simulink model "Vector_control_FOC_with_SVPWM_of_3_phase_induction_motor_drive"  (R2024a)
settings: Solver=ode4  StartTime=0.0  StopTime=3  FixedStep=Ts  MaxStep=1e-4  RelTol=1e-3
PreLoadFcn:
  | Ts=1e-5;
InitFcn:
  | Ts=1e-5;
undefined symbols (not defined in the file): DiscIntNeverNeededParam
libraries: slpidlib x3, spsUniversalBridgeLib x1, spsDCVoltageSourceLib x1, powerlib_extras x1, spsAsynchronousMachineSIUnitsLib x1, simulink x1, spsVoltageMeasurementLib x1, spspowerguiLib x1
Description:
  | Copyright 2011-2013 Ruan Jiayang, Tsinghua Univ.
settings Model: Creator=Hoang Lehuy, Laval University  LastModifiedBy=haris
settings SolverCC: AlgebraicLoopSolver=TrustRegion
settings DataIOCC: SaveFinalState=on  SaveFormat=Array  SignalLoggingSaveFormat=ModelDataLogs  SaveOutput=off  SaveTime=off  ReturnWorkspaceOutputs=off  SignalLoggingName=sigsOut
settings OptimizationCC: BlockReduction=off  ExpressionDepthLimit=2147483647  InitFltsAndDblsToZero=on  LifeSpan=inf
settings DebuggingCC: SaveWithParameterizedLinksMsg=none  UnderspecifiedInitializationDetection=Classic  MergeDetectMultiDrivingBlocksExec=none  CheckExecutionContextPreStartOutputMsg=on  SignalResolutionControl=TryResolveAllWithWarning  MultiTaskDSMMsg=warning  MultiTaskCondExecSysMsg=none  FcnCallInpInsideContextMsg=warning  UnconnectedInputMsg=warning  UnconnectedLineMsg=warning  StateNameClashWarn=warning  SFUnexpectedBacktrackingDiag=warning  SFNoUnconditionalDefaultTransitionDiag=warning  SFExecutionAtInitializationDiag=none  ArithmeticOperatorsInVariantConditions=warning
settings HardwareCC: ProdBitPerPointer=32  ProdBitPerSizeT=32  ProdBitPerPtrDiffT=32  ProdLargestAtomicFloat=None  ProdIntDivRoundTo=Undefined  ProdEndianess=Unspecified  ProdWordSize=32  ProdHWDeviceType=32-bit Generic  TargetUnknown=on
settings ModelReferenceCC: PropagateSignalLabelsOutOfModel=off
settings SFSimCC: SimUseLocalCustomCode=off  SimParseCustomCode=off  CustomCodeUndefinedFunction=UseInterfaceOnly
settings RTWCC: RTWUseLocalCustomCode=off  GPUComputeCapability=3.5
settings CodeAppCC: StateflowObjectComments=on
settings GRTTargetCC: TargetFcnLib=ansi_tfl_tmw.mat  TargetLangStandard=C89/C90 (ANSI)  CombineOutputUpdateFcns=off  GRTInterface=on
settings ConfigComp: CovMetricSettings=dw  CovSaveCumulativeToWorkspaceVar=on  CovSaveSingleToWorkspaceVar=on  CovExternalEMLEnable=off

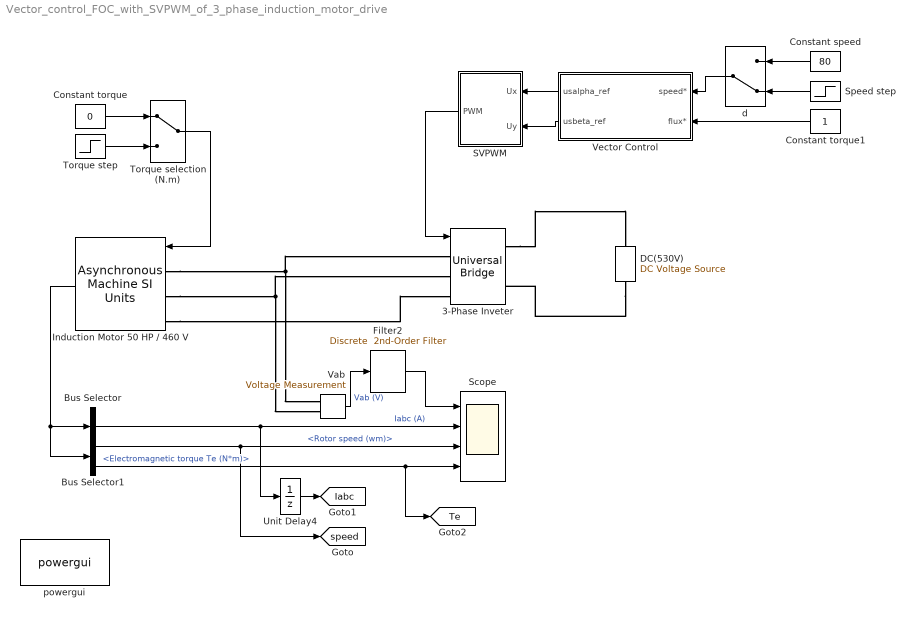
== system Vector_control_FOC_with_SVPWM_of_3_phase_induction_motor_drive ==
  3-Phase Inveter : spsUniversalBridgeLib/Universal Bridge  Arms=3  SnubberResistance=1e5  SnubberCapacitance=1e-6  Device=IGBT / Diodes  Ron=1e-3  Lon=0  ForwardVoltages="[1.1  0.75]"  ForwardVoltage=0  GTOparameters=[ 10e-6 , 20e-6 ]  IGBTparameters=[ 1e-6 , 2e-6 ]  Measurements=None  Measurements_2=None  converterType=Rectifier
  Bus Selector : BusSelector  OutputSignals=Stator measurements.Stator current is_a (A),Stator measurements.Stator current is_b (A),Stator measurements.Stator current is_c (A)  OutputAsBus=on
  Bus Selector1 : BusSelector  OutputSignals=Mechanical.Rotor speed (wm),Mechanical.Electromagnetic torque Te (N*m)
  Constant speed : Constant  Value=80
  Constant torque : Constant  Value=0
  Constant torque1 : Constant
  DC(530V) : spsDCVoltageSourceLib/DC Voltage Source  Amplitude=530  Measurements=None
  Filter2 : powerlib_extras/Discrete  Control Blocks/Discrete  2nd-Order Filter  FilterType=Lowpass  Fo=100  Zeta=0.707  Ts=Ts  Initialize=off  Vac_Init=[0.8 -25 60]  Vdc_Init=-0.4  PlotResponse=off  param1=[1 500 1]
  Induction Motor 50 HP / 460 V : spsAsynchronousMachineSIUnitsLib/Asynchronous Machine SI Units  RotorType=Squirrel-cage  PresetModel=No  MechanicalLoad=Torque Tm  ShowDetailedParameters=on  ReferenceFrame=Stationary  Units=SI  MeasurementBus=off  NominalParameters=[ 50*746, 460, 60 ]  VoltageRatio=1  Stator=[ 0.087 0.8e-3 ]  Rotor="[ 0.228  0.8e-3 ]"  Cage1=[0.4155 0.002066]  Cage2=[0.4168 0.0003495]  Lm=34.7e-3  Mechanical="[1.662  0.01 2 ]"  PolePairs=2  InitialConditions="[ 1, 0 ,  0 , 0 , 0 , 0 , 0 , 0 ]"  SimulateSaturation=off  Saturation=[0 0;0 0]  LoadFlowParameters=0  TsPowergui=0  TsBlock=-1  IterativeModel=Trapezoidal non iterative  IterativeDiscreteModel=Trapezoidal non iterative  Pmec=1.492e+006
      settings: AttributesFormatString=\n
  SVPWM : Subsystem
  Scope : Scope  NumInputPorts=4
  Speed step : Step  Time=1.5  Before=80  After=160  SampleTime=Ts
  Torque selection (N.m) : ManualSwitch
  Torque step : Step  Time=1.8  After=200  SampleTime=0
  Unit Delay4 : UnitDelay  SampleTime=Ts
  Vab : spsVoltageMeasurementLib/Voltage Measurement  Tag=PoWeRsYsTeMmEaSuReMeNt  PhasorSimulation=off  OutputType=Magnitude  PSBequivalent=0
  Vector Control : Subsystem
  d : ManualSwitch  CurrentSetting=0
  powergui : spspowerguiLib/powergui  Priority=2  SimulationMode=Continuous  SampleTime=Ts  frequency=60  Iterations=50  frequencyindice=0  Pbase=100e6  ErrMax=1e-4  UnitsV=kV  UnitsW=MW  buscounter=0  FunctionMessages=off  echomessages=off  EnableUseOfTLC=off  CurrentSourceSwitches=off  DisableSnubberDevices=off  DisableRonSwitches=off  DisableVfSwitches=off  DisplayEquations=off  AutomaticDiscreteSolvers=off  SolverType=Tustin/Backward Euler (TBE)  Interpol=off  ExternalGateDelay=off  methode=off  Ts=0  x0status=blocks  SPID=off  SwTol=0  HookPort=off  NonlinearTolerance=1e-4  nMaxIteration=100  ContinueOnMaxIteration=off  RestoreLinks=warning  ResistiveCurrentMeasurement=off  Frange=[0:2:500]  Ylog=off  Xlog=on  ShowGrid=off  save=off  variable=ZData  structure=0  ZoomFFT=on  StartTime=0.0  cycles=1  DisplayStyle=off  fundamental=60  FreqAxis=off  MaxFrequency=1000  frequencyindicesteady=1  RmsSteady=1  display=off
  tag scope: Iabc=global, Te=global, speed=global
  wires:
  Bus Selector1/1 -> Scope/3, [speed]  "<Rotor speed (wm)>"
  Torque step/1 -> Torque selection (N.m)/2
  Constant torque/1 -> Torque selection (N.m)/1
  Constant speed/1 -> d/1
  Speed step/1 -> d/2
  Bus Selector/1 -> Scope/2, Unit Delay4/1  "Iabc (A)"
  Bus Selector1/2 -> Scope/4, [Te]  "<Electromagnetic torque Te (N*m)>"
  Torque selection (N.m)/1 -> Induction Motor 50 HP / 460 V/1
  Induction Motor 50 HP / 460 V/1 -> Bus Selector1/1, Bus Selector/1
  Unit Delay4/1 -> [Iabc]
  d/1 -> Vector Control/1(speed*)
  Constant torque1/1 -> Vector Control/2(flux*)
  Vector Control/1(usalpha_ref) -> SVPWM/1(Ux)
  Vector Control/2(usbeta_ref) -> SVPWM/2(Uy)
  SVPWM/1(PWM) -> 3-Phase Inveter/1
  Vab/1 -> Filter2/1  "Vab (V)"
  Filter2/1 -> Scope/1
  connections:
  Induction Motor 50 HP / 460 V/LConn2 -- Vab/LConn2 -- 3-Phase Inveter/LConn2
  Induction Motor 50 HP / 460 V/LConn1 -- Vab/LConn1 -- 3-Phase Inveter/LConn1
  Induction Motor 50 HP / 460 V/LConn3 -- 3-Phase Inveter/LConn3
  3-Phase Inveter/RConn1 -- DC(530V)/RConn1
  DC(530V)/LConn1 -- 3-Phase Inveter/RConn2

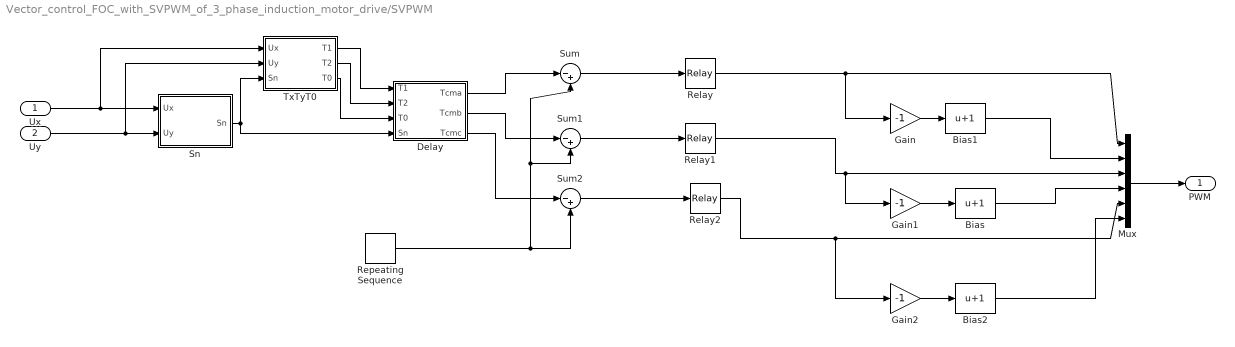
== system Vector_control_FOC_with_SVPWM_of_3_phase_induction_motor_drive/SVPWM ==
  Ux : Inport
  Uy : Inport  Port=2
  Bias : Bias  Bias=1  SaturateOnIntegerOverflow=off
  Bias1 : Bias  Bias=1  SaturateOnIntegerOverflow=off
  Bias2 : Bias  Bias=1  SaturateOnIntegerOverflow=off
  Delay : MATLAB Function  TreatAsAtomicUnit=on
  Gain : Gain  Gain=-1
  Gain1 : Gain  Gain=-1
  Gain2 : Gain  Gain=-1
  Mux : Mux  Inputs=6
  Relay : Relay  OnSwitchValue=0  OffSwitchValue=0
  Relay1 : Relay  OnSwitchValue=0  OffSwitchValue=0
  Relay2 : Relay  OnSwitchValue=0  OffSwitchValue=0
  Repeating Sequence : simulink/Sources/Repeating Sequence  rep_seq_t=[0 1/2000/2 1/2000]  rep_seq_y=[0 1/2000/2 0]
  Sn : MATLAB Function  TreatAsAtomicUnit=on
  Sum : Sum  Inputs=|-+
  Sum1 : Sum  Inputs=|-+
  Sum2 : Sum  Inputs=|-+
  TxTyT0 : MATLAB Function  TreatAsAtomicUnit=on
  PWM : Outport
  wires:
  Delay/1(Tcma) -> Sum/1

**INSTRUCTIONS FOR THE TASK:** Filter the listing so that only lines holding the word "SaturateOnIntegerOverflow" remain, and copy those lines.

**EXERCISE OUTPUT:**
  Bias : Bias  Bias=1  SaturateOnIntegerOverflow=off
  Bias1 : Bias  Bias=1  SaturateOnIntegerOverflow=off
  Bias2 : Bias  Bias=1  SaturateOnIntegerOverflow=off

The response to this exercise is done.